*** Data ***

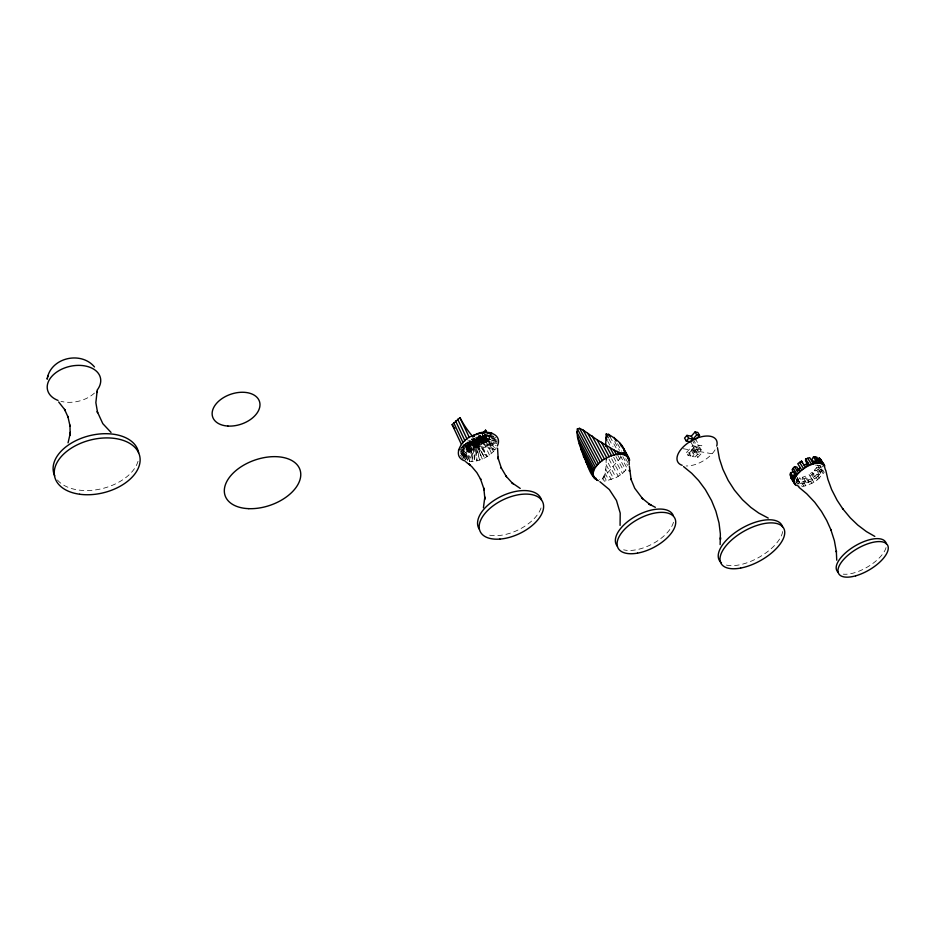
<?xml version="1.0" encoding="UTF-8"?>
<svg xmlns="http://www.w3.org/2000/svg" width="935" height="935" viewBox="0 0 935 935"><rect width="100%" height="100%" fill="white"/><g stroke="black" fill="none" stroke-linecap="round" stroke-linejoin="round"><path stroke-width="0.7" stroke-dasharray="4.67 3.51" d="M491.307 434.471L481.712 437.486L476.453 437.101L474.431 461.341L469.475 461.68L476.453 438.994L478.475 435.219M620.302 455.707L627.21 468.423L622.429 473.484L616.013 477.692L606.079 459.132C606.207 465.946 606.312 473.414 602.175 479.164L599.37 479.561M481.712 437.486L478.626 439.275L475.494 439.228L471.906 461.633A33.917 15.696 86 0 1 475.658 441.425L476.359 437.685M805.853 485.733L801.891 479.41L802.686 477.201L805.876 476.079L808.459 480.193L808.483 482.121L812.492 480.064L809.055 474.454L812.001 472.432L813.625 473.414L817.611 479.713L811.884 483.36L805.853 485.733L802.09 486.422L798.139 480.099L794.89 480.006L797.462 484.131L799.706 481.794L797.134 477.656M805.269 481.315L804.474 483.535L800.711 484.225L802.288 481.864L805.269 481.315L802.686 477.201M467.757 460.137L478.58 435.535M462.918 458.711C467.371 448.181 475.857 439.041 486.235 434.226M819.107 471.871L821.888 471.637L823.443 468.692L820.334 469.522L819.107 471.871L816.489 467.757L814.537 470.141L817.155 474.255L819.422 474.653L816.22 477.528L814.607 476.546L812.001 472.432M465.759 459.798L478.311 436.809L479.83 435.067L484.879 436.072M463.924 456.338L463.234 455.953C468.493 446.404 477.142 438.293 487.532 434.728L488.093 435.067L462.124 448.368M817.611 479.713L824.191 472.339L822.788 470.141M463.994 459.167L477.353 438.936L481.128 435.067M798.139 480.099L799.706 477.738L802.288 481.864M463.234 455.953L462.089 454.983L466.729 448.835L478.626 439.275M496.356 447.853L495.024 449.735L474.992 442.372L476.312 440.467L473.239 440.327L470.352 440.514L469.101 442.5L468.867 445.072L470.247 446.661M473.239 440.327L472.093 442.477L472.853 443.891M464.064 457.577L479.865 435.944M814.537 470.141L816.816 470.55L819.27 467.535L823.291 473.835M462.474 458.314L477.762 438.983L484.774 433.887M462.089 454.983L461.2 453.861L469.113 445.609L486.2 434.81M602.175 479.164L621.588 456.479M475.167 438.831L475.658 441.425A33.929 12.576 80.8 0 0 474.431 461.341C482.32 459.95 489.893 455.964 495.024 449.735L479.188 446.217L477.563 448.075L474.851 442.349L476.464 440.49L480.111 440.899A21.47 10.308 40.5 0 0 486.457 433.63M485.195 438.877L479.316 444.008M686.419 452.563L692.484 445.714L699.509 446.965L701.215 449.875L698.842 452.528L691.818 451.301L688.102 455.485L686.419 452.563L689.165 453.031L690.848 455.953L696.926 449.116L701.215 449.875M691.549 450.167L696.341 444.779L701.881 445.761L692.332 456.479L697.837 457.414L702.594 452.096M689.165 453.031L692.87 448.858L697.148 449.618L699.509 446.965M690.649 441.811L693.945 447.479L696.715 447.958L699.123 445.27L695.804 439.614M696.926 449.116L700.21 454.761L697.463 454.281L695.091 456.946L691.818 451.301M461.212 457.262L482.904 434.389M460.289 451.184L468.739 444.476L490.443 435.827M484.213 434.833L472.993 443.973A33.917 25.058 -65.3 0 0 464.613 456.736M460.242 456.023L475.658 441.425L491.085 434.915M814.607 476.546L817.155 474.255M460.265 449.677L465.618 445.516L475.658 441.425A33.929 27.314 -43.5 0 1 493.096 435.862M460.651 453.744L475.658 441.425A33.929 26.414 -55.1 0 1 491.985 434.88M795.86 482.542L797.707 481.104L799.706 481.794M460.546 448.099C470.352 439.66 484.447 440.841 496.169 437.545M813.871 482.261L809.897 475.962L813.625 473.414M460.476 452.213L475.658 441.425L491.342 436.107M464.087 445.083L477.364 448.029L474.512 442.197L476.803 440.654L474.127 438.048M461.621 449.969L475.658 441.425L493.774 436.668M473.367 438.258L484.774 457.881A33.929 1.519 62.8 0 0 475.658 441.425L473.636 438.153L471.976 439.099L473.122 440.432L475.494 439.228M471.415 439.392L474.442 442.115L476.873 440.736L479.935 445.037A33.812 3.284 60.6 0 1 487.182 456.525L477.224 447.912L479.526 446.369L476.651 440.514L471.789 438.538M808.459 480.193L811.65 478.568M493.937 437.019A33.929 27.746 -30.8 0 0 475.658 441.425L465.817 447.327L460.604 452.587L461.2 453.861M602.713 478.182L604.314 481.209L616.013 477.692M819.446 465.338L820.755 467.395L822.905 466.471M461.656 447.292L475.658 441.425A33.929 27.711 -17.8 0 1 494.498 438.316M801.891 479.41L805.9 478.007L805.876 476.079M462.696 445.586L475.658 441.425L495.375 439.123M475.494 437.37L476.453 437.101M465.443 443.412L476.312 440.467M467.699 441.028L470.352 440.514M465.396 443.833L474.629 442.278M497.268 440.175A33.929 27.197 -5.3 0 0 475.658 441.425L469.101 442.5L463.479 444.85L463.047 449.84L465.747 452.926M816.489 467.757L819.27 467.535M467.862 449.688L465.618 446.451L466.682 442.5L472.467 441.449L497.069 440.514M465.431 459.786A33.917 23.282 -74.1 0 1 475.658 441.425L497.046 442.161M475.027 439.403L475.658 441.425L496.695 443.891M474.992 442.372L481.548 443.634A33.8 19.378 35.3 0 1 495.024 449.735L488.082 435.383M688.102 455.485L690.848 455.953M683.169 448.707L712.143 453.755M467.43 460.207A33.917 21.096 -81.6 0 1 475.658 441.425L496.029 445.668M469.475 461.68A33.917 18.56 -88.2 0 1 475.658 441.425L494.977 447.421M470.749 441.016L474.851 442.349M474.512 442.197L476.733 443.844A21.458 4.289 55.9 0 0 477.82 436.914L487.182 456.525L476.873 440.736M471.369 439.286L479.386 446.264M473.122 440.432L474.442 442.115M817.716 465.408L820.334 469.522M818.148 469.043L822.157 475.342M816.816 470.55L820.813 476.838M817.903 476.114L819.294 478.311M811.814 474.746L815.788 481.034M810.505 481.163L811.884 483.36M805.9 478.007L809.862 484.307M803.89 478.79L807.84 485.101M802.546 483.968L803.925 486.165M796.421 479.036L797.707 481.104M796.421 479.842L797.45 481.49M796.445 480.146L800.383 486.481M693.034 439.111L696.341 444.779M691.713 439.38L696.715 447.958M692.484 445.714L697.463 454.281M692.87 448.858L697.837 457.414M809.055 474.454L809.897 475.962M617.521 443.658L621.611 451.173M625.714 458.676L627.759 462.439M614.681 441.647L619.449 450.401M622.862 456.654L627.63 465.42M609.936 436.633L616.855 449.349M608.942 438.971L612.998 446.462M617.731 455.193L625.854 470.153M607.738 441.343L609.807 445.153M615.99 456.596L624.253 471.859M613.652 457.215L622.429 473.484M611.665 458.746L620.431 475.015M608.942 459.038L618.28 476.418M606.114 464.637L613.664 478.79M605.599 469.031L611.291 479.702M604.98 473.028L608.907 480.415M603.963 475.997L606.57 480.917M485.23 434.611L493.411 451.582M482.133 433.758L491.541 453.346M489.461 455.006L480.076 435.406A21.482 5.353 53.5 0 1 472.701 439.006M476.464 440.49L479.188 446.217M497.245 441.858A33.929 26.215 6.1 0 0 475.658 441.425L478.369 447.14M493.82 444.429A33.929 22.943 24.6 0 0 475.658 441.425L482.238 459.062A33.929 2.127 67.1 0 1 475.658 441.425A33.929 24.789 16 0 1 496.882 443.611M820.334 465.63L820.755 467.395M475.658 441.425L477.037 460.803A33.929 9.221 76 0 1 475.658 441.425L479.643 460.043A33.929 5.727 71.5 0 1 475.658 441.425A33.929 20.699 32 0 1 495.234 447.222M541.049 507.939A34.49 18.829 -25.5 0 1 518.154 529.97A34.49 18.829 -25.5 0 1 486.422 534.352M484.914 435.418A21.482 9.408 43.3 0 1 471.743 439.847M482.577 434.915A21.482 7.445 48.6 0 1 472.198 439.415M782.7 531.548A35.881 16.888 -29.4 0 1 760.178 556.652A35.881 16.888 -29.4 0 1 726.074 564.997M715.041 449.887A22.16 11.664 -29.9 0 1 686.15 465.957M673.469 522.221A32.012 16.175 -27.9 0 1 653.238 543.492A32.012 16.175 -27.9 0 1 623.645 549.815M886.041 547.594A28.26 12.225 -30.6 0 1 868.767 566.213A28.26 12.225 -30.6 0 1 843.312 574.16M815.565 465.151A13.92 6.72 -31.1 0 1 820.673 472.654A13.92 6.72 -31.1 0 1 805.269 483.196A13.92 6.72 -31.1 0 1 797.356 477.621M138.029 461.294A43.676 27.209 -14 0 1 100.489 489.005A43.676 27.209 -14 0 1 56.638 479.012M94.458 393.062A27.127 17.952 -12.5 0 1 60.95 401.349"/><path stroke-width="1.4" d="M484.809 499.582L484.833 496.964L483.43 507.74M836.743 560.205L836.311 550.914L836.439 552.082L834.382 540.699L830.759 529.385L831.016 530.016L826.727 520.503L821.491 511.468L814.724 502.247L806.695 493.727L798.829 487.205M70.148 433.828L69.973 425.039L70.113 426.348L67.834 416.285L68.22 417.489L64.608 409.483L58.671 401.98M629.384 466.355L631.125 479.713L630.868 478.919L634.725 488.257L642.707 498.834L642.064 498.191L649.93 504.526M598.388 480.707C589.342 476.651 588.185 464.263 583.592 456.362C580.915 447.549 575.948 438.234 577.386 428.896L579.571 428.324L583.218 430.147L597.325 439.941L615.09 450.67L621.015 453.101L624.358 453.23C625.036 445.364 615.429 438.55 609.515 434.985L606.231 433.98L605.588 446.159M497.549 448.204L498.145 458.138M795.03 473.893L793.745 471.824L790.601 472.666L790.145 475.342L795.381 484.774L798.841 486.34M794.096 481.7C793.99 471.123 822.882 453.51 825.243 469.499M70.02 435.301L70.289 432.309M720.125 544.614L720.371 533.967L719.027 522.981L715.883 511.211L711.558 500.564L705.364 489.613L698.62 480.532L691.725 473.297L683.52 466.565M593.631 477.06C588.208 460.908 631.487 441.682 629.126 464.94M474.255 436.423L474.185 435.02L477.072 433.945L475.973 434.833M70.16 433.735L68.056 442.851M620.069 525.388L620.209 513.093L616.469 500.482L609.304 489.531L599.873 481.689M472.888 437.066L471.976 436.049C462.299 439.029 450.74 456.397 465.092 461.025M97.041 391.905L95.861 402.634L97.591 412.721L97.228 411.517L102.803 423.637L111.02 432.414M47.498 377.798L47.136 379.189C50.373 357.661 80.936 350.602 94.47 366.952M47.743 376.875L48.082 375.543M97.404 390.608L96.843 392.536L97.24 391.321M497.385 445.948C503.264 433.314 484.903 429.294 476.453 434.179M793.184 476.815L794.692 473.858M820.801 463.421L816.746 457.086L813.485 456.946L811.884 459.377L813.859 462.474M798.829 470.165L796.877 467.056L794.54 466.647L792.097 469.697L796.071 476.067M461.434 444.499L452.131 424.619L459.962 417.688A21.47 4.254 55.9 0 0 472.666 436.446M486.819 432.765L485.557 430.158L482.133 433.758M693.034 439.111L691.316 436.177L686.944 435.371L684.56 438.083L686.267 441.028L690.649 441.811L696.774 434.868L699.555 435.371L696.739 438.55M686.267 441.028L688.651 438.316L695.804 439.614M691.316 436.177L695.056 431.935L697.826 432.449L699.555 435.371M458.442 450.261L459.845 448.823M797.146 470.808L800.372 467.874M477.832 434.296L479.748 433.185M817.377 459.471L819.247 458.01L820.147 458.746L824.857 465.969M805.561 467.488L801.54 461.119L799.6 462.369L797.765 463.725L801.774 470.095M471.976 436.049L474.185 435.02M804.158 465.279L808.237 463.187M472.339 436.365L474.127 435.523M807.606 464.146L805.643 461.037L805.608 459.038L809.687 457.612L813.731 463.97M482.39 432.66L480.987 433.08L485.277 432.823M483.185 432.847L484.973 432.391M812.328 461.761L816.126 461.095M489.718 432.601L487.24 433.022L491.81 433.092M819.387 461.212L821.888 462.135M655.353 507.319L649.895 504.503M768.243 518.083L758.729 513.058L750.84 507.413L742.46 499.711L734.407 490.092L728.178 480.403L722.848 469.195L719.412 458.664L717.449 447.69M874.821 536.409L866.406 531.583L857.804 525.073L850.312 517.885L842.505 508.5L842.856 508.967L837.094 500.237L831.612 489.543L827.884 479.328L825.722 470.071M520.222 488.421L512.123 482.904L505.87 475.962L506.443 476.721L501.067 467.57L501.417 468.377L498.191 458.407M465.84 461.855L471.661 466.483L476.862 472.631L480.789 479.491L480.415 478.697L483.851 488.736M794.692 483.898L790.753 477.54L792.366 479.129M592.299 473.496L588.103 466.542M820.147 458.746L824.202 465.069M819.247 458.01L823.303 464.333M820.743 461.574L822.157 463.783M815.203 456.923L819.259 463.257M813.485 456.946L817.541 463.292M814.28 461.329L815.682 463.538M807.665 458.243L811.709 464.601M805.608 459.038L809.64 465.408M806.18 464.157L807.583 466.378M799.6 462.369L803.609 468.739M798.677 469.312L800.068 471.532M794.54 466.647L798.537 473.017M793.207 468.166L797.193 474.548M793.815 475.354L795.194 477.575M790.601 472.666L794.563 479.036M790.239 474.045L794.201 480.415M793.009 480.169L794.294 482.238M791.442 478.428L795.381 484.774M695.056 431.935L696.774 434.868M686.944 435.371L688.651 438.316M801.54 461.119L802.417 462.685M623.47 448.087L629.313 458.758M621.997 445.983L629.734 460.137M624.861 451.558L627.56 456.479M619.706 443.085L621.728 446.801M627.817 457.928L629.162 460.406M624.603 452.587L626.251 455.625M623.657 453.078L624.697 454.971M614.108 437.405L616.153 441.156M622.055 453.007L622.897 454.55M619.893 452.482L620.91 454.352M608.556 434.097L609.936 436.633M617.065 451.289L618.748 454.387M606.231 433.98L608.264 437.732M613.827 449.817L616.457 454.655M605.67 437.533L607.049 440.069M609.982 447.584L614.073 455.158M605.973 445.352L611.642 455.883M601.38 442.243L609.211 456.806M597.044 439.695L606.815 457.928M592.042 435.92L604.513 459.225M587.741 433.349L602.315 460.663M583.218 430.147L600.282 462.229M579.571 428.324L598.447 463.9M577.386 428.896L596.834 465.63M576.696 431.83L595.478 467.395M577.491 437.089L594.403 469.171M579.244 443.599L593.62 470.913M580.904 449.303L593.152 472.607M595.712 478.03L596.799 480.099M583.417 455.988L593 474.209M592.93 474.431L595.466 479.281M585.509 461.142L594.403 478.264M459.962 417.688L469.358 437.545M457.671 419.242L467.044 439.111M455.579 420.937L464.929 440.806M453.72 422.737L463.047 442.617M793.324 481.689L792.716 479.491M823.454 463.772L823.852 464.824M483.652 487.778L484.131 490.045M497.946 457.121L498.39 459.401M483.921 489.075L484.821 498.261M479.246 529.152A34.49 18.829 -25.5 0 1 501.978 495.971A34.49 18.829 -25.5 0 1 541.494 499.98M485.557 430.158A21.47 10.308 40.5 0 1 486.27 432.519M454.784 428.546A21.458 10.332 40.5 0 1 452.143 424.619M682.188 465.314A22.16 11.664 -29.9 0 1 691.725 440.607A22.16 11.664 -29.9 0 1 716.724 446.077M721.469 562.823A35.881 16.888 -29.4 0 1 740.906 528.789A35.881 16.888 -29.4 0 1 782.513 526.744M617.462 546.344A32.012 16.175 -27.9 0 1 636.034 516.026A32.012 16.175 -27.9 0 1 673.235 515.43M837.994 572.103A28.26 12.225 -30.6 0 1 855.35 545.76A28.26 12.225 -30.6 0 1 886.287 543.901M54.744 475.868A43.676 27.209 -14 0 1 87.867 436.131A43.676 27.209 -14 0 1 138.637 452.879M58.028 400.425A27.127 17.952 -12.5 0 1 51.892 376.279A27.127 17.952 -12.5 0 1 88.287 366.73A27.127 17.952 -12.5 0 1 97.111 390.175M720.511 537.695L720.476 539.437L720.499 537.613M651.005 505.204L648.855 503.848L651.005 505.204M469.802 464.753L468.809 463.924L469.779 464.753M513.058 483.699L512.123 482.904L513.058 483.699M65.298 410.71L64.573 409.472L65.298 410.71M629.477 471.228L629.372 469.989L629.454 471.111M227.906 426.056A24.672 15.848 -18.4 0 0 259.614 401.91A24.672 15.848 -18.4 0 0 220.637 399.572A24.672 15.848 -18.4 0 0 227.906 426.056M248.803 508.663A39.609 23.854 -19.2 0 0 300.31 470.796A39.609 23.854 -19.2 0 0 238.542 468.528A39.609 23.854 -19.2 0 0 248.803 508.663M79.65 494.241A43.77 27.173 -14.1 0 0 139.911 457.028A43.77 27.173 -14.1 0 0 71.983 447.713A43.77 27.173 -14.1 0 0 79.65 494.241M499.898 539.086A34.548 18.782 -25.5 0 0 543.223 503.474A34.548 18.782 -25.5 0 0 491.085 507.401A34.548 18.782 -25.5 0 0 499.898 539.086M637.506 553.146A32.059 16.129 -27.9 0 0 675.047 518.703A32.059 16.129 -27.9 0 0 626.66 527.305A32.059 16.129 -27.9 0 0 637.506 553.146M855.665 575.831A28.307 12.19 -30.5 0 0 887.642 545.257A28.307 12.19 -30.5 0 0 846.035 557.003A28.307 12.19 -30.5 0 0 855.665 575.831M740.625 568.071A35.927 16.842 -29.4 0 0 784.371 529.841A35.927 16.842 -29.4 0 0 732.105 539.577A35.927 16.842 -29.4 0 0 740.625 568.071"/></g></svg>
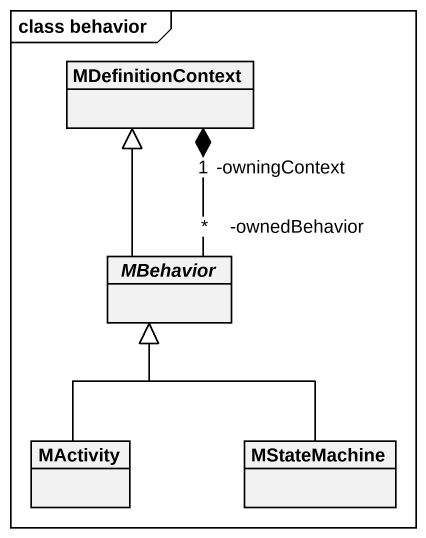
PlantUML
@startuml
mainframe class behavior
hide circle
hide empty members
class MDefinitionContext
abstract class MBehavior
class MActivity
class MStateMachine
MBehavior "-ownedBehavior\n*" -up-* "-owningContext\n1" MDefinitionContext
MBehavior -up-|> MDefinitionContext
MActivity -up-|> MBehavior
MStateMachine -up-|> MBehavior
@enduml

*** End of Data ***

**Task to carry out**
Locate the line with "class MDefinitionContext" in the entries above; extract it and every line after it, verbatim.

**Result for this task**
class MDefinitionContext
abstract class MBehavior
class MActivity
class MStateMachine
MBehavior "-ownedBehavior\n*" -up-* "-owningContext\n1" MDefinitionContext
MBehavior -up-|> MDefinitionContext
MActivity -up-|> MBehavior
MStateMachine -up-|> MBehavior
@enduml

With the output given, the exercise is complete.